Start of Provided entries

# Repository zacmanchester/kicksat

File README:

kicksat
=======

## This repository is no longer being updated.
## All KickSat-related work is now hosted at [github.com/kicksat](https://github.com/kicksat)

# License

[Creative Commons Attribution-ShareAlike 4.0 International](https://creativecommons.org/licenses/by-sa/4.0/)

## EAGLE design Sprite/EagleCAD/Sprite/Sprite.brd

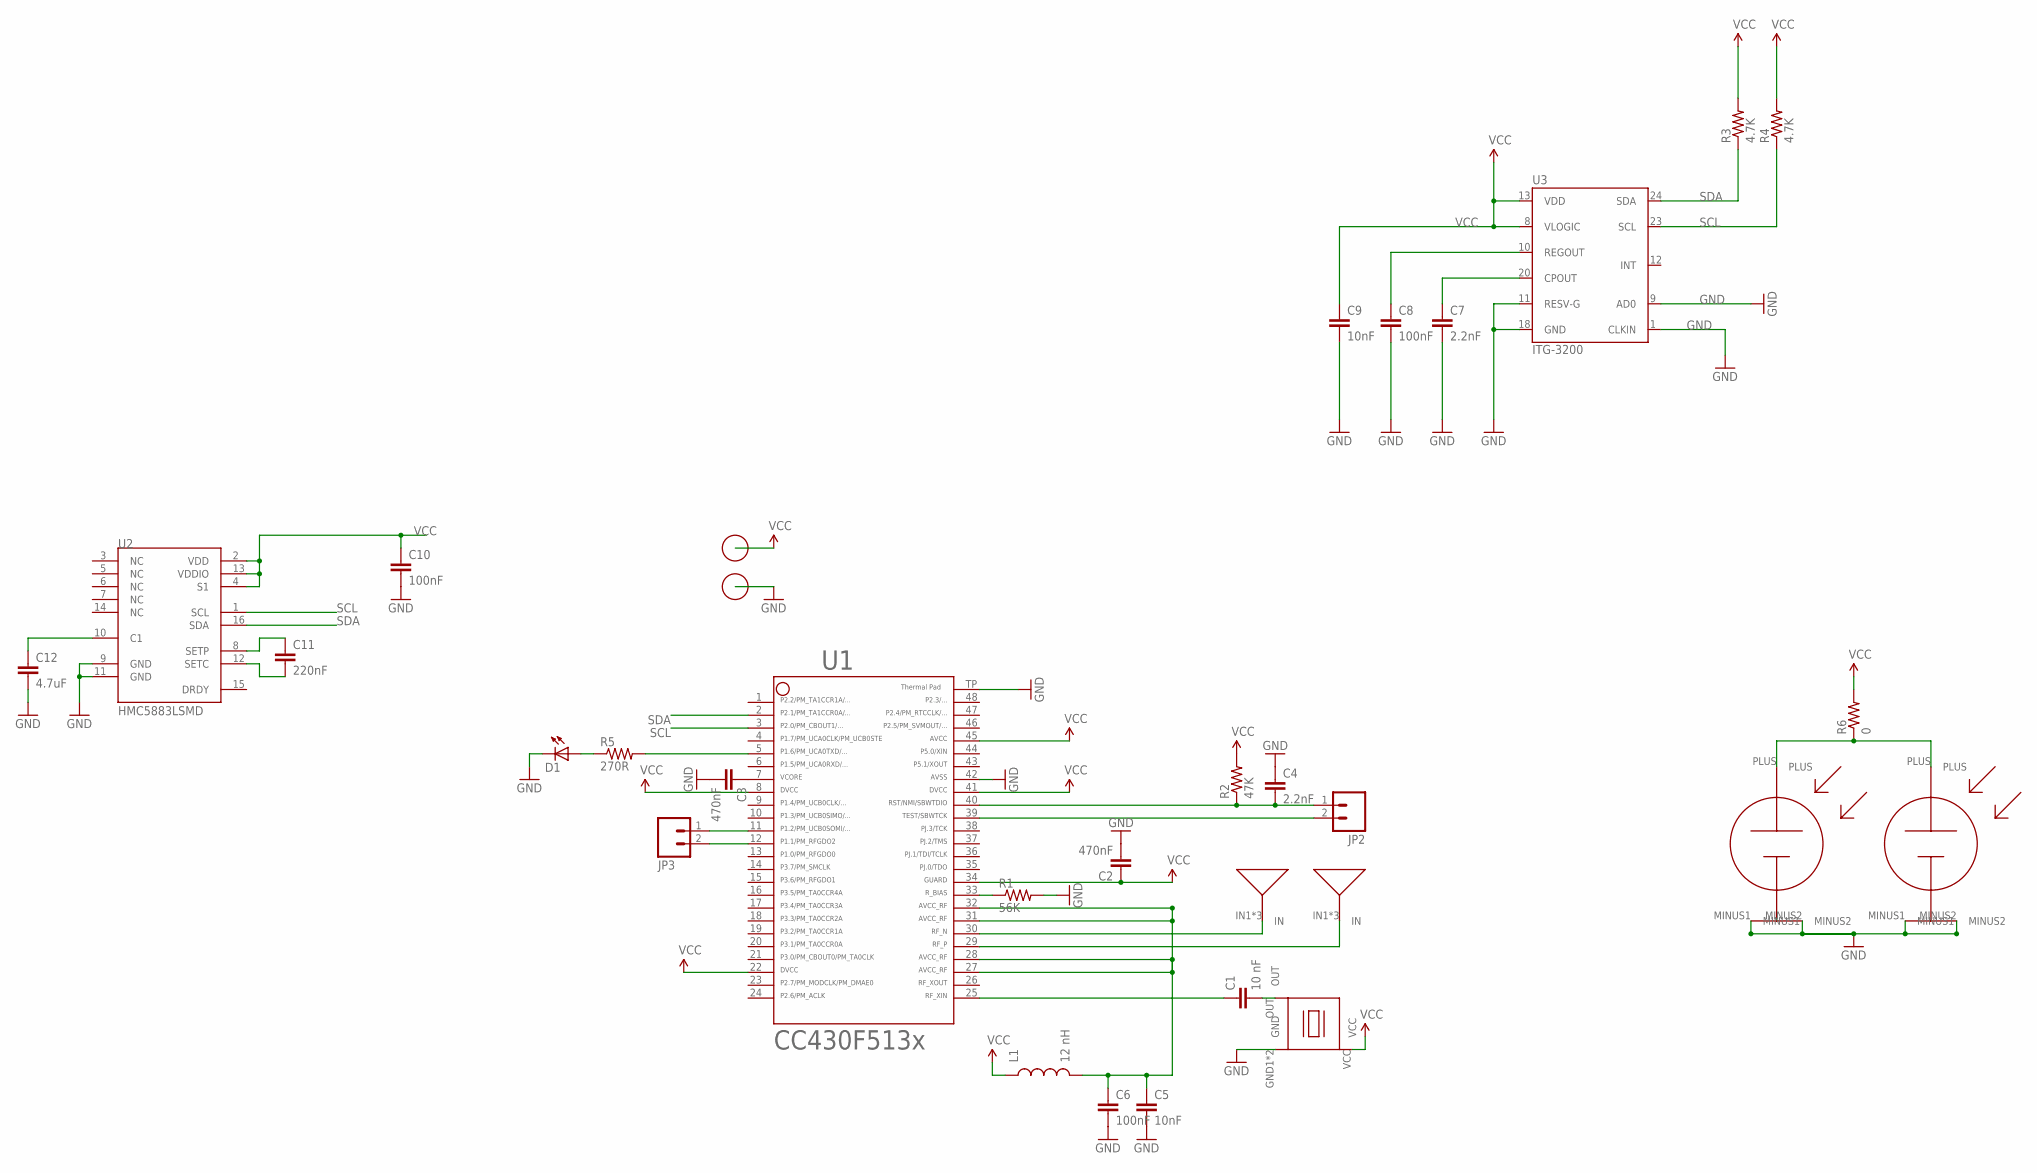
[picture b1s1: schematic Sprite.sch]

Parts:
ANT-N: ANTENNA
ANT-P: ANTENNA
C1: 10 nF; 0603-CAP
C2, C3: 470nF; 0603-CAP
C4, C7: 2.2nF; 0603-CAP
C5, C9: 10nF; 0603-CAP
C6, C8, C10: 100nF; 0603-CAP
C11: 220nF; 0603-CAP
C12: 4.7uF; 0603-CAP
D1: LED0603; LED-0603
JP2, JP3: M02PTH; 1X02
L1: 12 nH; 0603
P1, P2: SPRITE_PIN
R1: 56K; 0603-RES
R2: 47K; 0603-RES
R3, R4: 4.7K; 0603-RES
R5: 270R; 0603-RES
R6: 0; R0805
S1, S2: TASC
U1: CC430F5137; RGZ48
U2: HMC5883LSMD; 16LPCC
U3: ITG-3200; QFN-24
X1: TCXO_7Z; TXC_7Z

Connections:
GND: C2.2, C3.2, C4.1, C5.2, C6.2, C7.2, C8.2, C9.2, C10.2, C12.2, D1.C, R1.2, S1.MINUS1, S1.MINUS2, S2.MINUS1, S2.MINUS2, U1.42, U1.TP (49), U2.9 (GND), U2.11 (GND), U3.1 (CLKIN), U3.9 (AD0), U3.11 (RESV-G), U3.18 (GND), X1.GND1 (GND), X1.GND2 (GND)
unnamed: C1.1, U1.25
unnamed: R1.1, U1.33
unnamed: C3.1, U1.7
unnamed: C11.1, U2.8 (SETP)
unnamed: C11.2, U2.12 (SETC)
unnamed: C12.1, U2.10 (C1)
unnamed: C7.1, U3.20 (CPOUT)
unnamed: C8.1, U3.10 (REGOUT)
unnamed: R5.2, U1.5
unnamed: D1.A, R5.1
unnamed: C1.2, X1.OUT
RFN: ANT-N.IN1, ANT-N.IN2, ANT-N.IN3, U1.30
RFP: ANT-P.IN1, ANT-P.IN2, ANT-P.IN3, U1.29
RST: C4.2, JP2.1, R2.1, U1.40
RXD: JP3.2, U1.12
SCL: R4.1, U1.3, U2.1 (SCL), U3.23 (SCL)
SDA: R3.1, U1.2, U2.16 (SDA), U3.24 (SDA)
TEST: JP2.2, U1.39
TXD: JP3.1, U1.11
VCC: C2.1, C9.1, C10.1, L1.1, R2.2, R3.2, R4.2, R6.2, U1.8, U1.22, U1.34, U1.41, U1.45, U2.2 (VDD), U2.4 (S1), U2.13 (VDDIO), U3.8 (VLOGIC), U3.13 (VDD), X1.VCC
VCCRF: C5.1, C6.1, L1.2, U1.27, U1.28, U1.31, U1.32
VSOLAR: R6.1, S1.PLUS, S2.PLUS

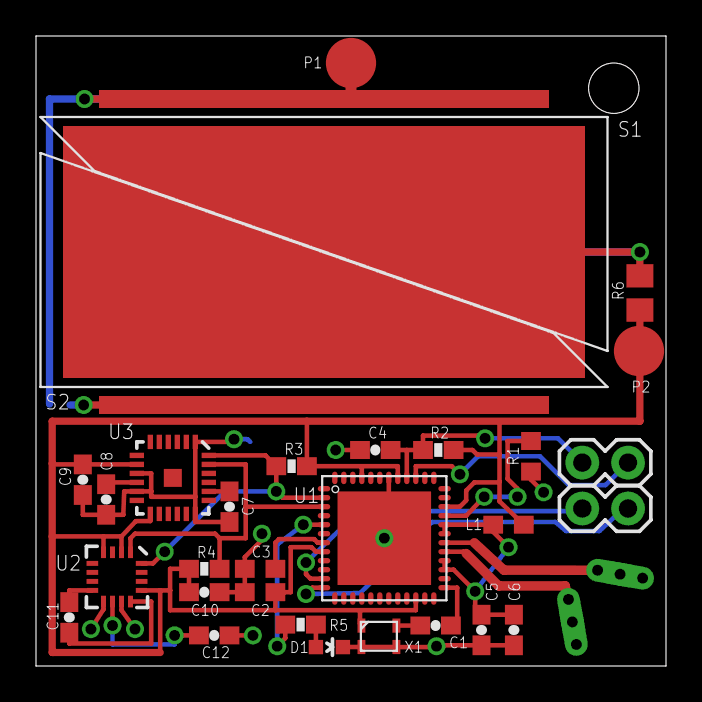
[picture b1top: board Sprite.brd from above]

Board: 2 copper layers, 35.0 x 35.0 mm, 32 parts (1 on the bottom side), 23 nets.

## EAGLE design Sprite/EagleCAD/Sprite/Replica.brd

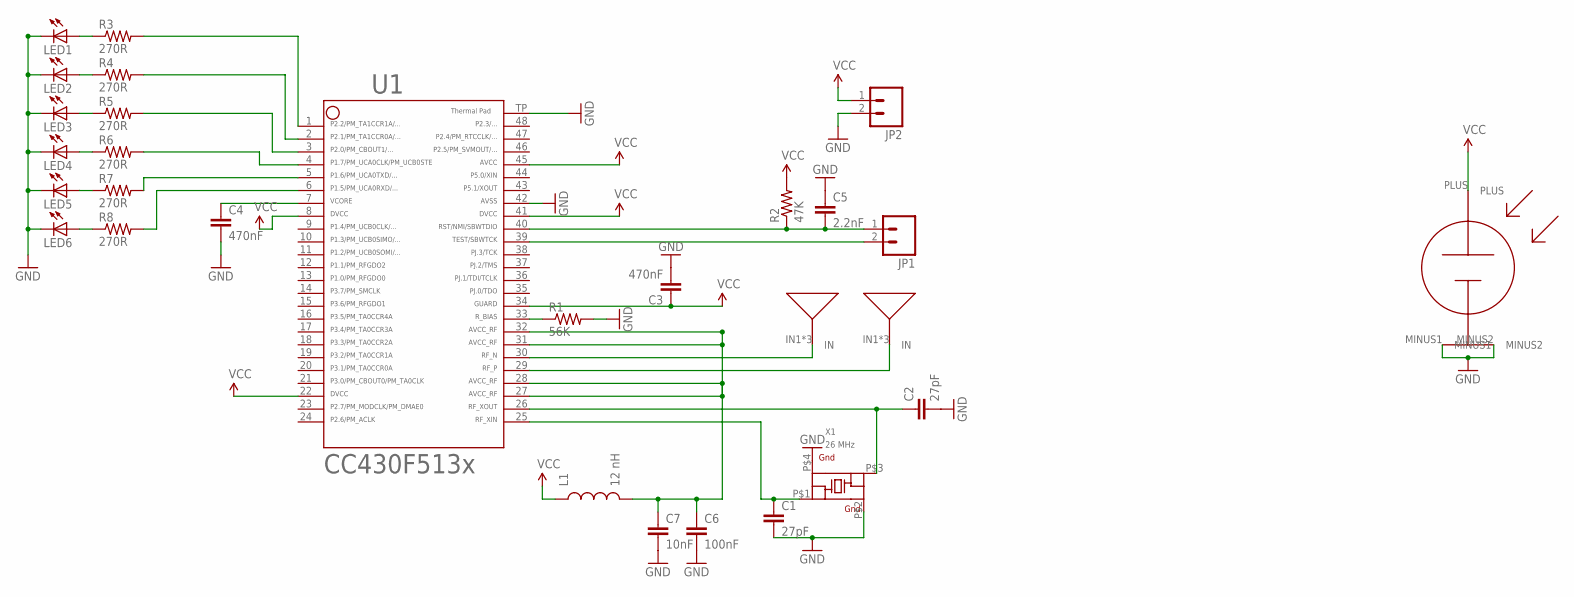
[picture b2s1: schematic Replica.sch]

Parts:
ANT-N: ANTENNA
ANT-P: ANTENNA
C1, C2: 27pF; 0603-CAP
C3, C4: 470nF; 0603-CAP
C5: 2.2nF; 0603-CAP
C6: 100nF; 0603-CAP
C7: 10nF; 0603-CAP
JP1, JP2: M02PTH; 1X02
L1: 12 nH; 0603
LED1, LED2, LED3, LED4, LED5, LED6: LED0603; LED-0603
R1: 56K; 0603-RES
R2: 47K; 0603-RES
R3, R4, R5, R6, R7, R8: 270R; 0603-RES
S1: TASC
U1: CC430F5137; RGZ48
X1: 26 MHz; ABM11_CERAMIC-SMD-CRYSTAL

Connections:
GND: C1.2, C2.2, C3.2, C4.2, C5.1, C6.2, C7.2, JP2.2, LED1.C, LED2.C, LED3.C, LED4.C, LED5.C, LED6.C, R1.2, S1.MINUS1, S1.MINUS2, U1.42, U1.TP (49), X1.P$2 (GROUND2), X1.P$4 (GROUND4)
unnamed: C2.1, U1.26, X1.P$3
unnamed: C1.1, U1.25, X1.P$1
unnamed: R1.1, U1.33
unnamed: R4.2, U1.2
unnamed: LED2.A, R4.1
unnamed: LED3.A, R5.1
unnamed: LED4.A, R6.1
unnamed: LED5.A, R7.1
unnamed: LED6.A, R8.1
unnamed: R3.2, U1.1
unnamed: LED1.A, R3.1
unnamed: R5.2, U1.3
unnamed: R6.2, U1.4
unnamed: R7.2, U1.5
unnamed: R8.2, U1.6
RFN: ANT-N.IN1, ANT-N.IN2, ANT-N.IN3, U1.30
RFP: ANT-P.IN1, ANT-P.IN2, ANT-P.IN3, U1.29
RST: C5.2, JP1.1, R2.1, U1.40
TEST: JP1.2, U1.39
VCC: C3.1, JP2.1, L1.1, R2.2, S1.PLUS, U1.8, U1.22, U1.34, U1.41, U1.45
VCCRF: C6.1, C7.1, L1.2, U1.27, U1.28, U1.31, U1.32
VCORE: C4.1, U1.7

End of Provided entries

What the exercise asks: The stretch of entries above that starts with the line containing "R6: 0; R0805" and goes on through the line containing "TXD: JP3.1, U1.11" is to be transcribed exactly, and no other line is to be transcribed.

Answer for this exercise:
R6: 0; R0805
S1, S2: TASC
U1: CC430F5137; RGZ48
U2: HMC5883LSMD; 16LPCC
U3: ITG-3200; QFN-24
X1: TCXO_7Z; TXC_7Z

Connections:
GND: C2.2, C3.2, C4.1, C5.2, C6.2, C7.2, C8.2, C9.2, C10.2, C12.2, D1.C, R1.2, S1.MINUS1, S1.MINUS2, S2.MINUS1, S2.MINUS2, U1.42, U1.TP (49), U2.9 (GND), U2.11 (GND), U3.1 (CLKIN), U3.9 (AD0), U3.11 (RESV-G), U3.18 (GND), X1.GND1 (GND), X1.GND2 (GND)
unnamed: C1.1, U1.25
unnamed: R1.1, U1.33
unnamed: C3.1, U1.7
unnamed: C11.1, U2.8 (SETP)
unnamed: C11.2, U2.12 (SETC)
unnamed: C12.1, U2.10 (C1)
unnamed: C7.1, U3.20 (CPOUT)
unnamed: C8.1, U3.10 (REGOUT)
unnamed: R5.2, U1.5
unnamed: D1.A, R5.1
unnamed: C1.2, X1.OUT
RFN: ANT-N.IN1, ANT-N.IN2, ANT-N.IN3, U1.30
RFP: ANT-P.IN1, ANT-P.IN2, ANT-P.IN3, U1.29
RST: C4.2, JP2.1, R2.1, U1.40
RXD: JP3.2, U1.12
SCL: R4.1, U1.3, U2.1 (SCL), U3.23 (SCL)
SDA: R3.1, U1.2, U2.16 (SDA), U3.24 (SDA)
TEST: JP2.2, U1.39
TXD: JP3.1, U1.11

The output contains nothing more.